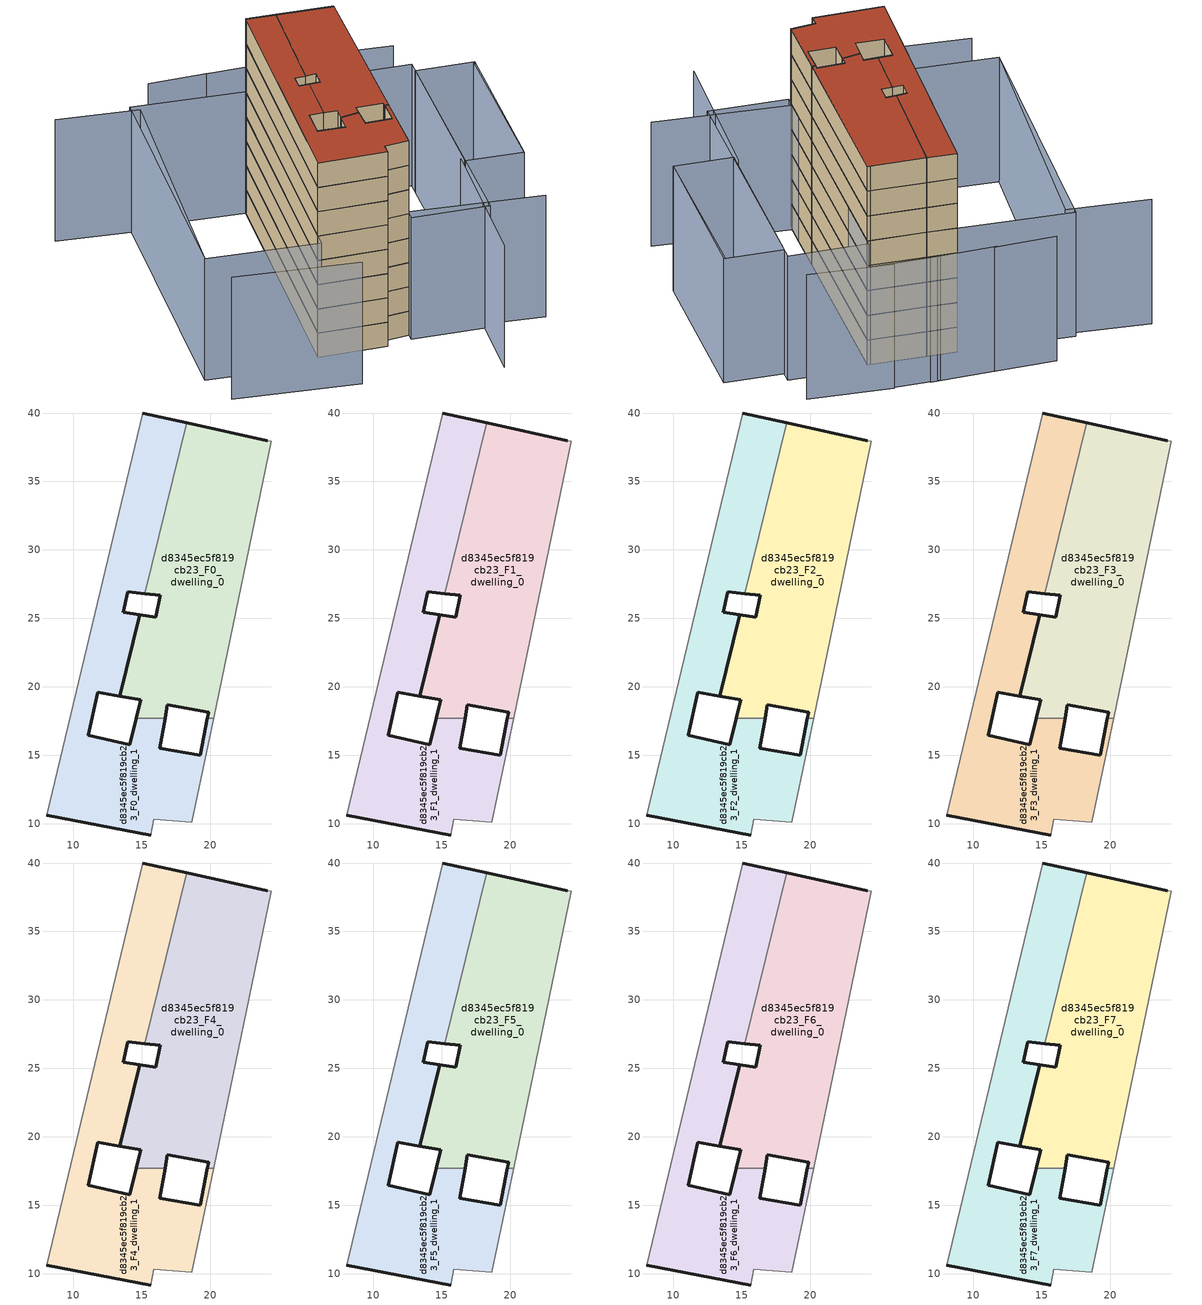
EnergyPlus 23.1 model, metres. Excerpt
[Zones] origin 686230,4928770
d8345ec5f819cb23_F0_dwelling_0
 floor ground (EU_floor_Construction): 20.26,17.72 24.48,37.95 24.19,37.99 18.27,39.29 15.22,26.81 16.36,26.69 16.02,25.08 14.85,25.27 13.39,19.31 14.92,19.04 14.6,17.72 16.7,17.72 16.88,18.69 19.89,18.15 19.8,17.72 z0
 wall outside (EU_wall_Construction): 19.8,17.72 19.89,18.15 16.88,18.69 16.7,17.72 / 14.6,17.72 14.92,19.04 13.39,19.31 14.85,25.27 16.02,25.08 16.36,26.69 15.22,26.81 / 18.27,39.29 24.19,37.99 z0:3
 wall adiabatic (EU_wall_Construction): 24.19,37.99 24.48,37.95 20.26,17.72 z0:3
 wall to d8345ec5f819cb23_F0_dwelling_1 (EU_wall_Construction): 20.26,17.72 19.8,17.72 / 16.7,17.72 14.6,17.72 / 15.22,26.81 18.27,39.29 z0:3
d8345ec5f819cb23_F0_dwelling_1
 floor ground (EU_floor_Construction): 18.67,10.11 20.26,17.72 19.8,17.72 19.27,14.98 16.31,15.51 16.7,17.72 14.6,17.72 14.13,15.77 11.11,16.44 11.8,19.6 13.39,19.31 14.85,25.27 13.65,25.46 13.98,26.94 15.22,26.81 18.27,39.29 15.07,40 8.05,10.61 15.68,9.17 15.89,10.32 z0
 wall outside (EU_wall_Construction): 15.68,9.17 8.05,10.61 / 15.07,40 18.27,39.29 / 15.22,26.81 13.98,26.94 13.65,25.46 14.85,25.27 13.39,19.31 11.8,19.6 11.11,16.44 14.13,15.77 14.6,17.72 / 16.7,17.72 16.31,15.51 19.27,14.98 19.8,17.72 z0:3
 wall adiabatic (EU_wall_Construction): 8.05,10.61 15.07,40 / 20.26,17.72 18.67,10.11 15.89,10.32 15.68,9.17 z0:3
d8345ec5f819cb23_F1_dwelling_0
 floor to d8345ec5f819cb23_F0_dwelling_0 (EU_floor_Construction): 20.26,17.72 24.48,37.95 24.19,37.99 18.27,39.29 15.22,26.81 16.36,26.69 16.02,25.08 14.85,25.27 13.39,19.31 14.92,19.04 14.6,17.72 16.7,17.72 16.88,18.69 19.89,18.15 19.8,17.72 z3
 wall outside (EU_wall_Construction): 19.8,17.72 19.89,18.15 16.88,18.69 16.7,17.72 / 14.6,17.72 14.92,19.04 13.39,19.31 14.85,25.27 16.02,25.08 16.36,26.69 15.22,26.81 / 18.27,39.29 24.19,37.99 z3:6
 wall adiabatic (EU_wall_Construction): 24.19,37.99 24.48,37.95 20.26,17.72 z3:6
 wall to d8345ec5f819cb23_F1_dwelling_1 (EU_wall_Construction): 20.26,17.72 19.8,17.72 / 16.7,17.72 14.6,17.72 / 15.22,26.81 18.27,39.29 z3:6
d8345ec5f819cb23_F1_dwelling_1
 floor to d8345ec5f819cb23_F0_dwelling_1 (EU_floor_Construction): 18.67,10.11 20.26,17.72 19.8,17.72 19.27,14.98 16.31,15.51 16.7,17.72 14.6,17.72 14.13,15.77 11.11,16.44 11.8,19.6 13.39,19.31 14.85,25.27 13.65,25.46 13.98,26.94 15.22,26.81 18.27,39.29 15.07,40 8.05,10.61 15.68,9.17 15.89,10.32 z3
 wall outside (EU_wall_Construction): 15.68,9.17 8.05,10.61 / 15.07,40 18.27,39.29 / 15.22,26.81 13.98,26.94 13.65,25.46 14.85,25.27 13.39,19.31 11.8,19.6 11.11,16.44 14.13,15.77 14.6,17.72 / 16.7,17.72 16.31,15.51 19.27,14.98 19.8,17.72 z3:6
 wall adiabatic (EU_wall_Construction): 8.05,10.61 15.07,40 / 20.26,17.72 18.67,10.11 15.89,10.32 15.68,9.17 z3:6
d8345ec5f819cb23_F2_dwelling_0
 floor to d8345ec5f819cb23_F1_dwelling_0 (EU_floor_Construction): 20.26,17.72 24.48,37.95 24.19,37.99 18.27,39.29 15.22,26.81 16.36,26.69 16.02,25.08 14.85,25.27 13.39,19.31 14.92,19.04 14.6,17.72 16.7,17.72 16.88,18.69 19.89,18.15 19.8,17.72 z6
 wall outside (EU_wall_Construction): 19.8,17.72 19.89,18.15 16.88,18.69 16.7,17.72 / 14.6,17.72 14.92,19.04 13.39,19.31 14.85,25.27 16.02,25.08 16.36,26.69 15.22,26.81 / 18.27,39.29 24.19,37.99 z6:9
 wall adiabatic (EU_wall_Construction): 24.19,37.99 24.48,37.95 20.26,17.72 z6:9
 wall to d8345ec5f819cb23_F2_dwelling_1 (EU_wall_Construction): 20.26,17.72 19.8,17.72 / 16.7,17.72 14.6,17.72 / 15.22,26.81 18.27,39.29 z6:9
d8345ec5f819cb23_F2_dwelling_1
 floor to d8345ec5f819cb23_F1_dwelling_1 (EU_floor_Construction): 18.67,10.11 20.26,17.72 19.8,17.72 19.27,14.98 16.31,15.51 16.7,17.72 14.6,17.72 14.13,15.77 11.11,16.44 11.8,19.6 13.39,19.31 14.85,25.27 13.65,25.46 13.98,26.94 15.22,26.81 18.27,39.29 15.07,40 8.05,10.61 15.68,9.17 15.89,10.32 z6
 wall outside (EU_wall_Construction): 15.68,9.17 8.05,10.61 / 15.07,40 18.27,39.29 / 15.22,26.81 13.98,26.94 13.65,25.46 14.85,25.27 13.39,19.31 11.8,19.6 11.11,16.44 14.13,15.77 14.6,17.72 / 16.7,17.72 16.31,15.51 19.27,14.98 19.8,17.72 z6:9
 wall adiabatic (EU_wall_Construction): 8.05,10.61 15.07,40 / 20.26,17.72 18.67,10.11 15.89,10.32 15.68,9.17 z6:9
d8345ec5f819cb23_F3_dwelling_0
 floor to d8345ec5f819cb23_F2_dwelling_0 (EU_floor_Construction): 20.26,17.72 24.48,37.95 24.19,37.99 18.27,39.29 15.22,26.81 16.36,26.69 16.02,25.08 14.85,25.27 13.39,19.31 14.92,19.04 14.6,17.72 16.7,17.72 16.88,18.69 19.89,18.15 19.8,17.72 z9
 wall outside (EU_wall_Construction): 19.8,17.72 19.89,18.15 16.88,18.69 16.7,17.72 / 14.6,17.72 14.92,19.04 13.39,19.31 14.85,25.27 16.02,25.08 16.36,26.69 15.22,26.81 / 18.27,39.29 24.19,37.99 z9:12
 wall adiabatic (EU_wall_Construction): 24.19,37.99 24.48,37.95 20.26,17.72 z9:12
++++++
### WORK ORDER:
Please copy the data above exactly; the pictures do not belong in the copy.

### EXERCISE ANSWER:
EnergyPlus 23.1 model, metres. Excerpt
[Zones] origin 686230,4928770
d8345ec5f819cb23_F0_dwelling_0
 floor ground (EU_floor_Construction): 20.26,17.72 24.48,37.95 24.19,37.99 18.27,39.29 15.22,26.81 16.36,26.69 16.02,25.08 14.85,25.27 13.39,19.31 14.92,19.04 14.6,17.72 16.7,17.72 16.88,18.69 19.89,18.15 19.8,17.72 z0
 wall outside (EU_wall_Construction): 19.8,17.72 19.89,18.15 16.88,18.69 16.7,17.72 / 14.6,17.72 14.92,19.04 13.39,19.31 14.85,25.27 16.02,25.08 16.36,26.69 15.22,26.81 / 18.27,39.29 24.19,37.99 z0:3
 wall adiabatic (EU_wall_Construction): 24.19,37.99 24.48,37.95 20.26,17.72 z0:3
 wall to d8345ec5f819cb23_F0_dwelling_1 (EU_wall_Construction): 20.26,17.72 19.8,17.72 / 16.7,17.72 14.6,17.72 / 15.22,26.81 18.27,39.29 z0:3
d8345ec5f819cb23_F0_dwelling_1
 floor ground (EU_floor_Construction): 18.67,10.11 20.26,17.72 19.8,17.72 19.27,14.98 16.31,15.51 16.7,17.72 14.6,17.72 14.13,15.77 11.11,16.44 11.8,19.6 13.39,19.31 14.85,25.27 13.65,25.46 13.98,26.94 15.22,26.81 18.27,39.29 15.07,40 8.05,10.61 15.68,9.17 15.89,10.32 z0
 wall outside (EU_wall_Construction): 15.68,9.17 8.05,10.61 / 15.07,40 18.27,39.29 / 15.22,26.81 13.98,26.94 13.65,25.46 14.85,25.27 13.39,19.31 11.8,19.6 11.11,16.44 14.13,15.77 14.6,17.72 / 16.7,17.72 16.31,15.51 19.27,14.98 19.8,17.72 z0:3
 wall adiabatic (EU_wall_Construction): 8.05,10.61 15.07,40 / 20.26,17.72 18.67,10.11 15.89,10.32 15.68,9.17 z0:3
d8345ec5f819cb23_F1_dwelling_0
 floor to d8345ec5f819cb23_F0_dwelling_0 (EU_floor_Construction): 20.26,17.72 24.48,37.95 24.19,37.99 18.27,39.29 15.22,26.81 16.36,26.69 16.02,25.08 14.85,25.27 13.39,19.31 14.92,19.04 14.6,17.72 16.7,17.72 16.88,18.69 19.89,18.15 19.8,17.72 z3
 wall outside (EU_wall_Construction): 19.8,17.72 19.89,18.15 16.88,18.69 16.7,17.72 / 14.6,17.72 14.92,19.04 13.39,19.31 14.85,25.27 16.02,25.08 16.36,26.69 15.22,26.81 / 18.27,39.29 24.19,37.99 z3:6
 wall adiabatic (EU_wall_Construction): 24.19,37.99 24.48,37.95 20.26,17.72 z3:6
 wall to d8345ec5f819cb23_F1_dwelling_1 (EU_wall_Construction): 20.26,17.72 19.8,17.72 / 16.7,17.72 14.6,17.72 / 15.22,26.81 18.27,39.29 z3:6
d8345ec5f819cb23_F1_dwelling_1
 floor to d8345ec5f819cb23_F0_dwelling_1 (EU_floor_Construction): 18.67,10.11 20.26,17.72 19.8,17.72 19.27,14.98 16.31,15.51 16.7,17.72 14.6,17.72 14.13,15.77 11.11,16.44 11.8,19.6 13.39,19.31 14.85,25.27 13.65,25.46 13.98,26.94 15.22,26.81 18.27,39.29 15.07,40 8.05,10.61 15.68,9.17 15.89,10.32 z3
 wall outside (EU_wall_Construction): 15.68,9.17 8.05,10.61 / 15.07,40 18.27,39.29 / 15.22,26.81 13.98,26.94 13.65,25.46 14.85,25.27 13.39,19.31 11.8,19.6 11.11,16.44 14.13,15.77 14.6,17.72 / 16.7,17.72 16.31,15.51 19.27,14.98 19.8,17.72 z3:6
 wall adiabatic (EU_wall_Construction): 8.05,10.61 15.07,40 / 20.26,17.72 18.67,10.11 15.89,10.32 15.68,9.17 z3:6
d8345ec5f819cb23_F2_dwelling_0
 floor to d8345ec5f819cb23_F1_dwelling_0 (EU_floor_Construction): 20.26,17.72 24.48,37.95 24.19,37.99 18.27,39.29 15.22,26.81 16.36,26.69 16.02,25.08 14.85,25.27 13.39,19.31 14.92,19.04 14.6,17.72 16.7,17.72 16.88,18.69 19.89,18.15 19.8,17.72 z6
 wall outside (EU_wall_Construction): 19.8,17.72 19.89,18.15 16.88,18.69 16.7,17.72 / 14.6,17.72 14.92,19.04 13.39,19.31 14.85,25.27 16.02,25.08 16.36,26.69 15.22,26.81 / 18.27,39.29 24.19,37.99 z6:9
 wall adiabatic (EU_wall_Construction): 24.19,37.99 24.48,37.95 20.26,17.72 z6:9
 wall to d8345ec5f819cb23_F2_dwelling_1 (EU_wall_Construction): 20.26,17.72 19.8,17.72 / 16.7,17.72 14.6,17.72 / 15.22,26.81 18.27,39.29 z6:9
d8345ec5f819cb23_F2_dwelling_1
 floor to d8345ec5f819cb23_F1_dwelling_1 (EU_floor_Construction): 18.67,10.11 20.26,17.72 19.8,17.72 19.27,14.98 16.31,15.51 16.7,17.72 14.6,17.72 14.13,15.77 11.11,16.44 11.8,19.6 13.39,19.31 14.85,25.27 13.65,25.46 13.98,26.94 15.22,26.81 18.27,39.29 15.07,40 8.05,10.61 15.68,9.17 15.89,10.32 z6
 wall outside (EU_wall_Construction): 15.68,9.17 8.05,10.61 / 15.07,40 18.27,39.29 / 15.22,26.81 13.98,26.94 13.65,25.46 14.85,25.27 13.39,19.31 11.8,19.6 11.11,16.44 14.13,15.77 14.6,17.72 / 16.7,17.72 16.31,15.51 19.27,14.98 19.8,17.72 z6:9
 wall adiabatic (EU_wall_Construction): 8.05,10.61 15.07,40 / 20.26,17.72 18.67,10.11 15.89,10.32 15.68,9.17 z6:9
d8345ec5f819cb23_F3_dwelling_0
 floor to d8345ec5f819cb23_F2_dwelling_0 (EU_floor_Construction): 20.26,17.72 24.48,37.95 24.19,37.99 18.27,39.29 15.22,26.81 16.36,26.69 16.02,25.08 14.85,25.27 13.39,19.31 14.92,19.04 14.6,17.72 16.7,17.72 16.88,18.69 19.89,18.15 19.8,17.72 z9
 wall outside (EU_wall_Construction): 19.8,17.72 19.89,18.15 16.88,18.69 16.7,17.72 / 14.6,17.72 14.92,19.04 13.39,19.31 14.85,25.27 16.02,25.08 16.36,26.69 15.22,26.81 / 18.27,39.29 24.19,37.99 z9:12
 wall adiabatic (EU_wall_Construction): 24.19,37.99 24.48,37.95 20.26,17.72 z9:12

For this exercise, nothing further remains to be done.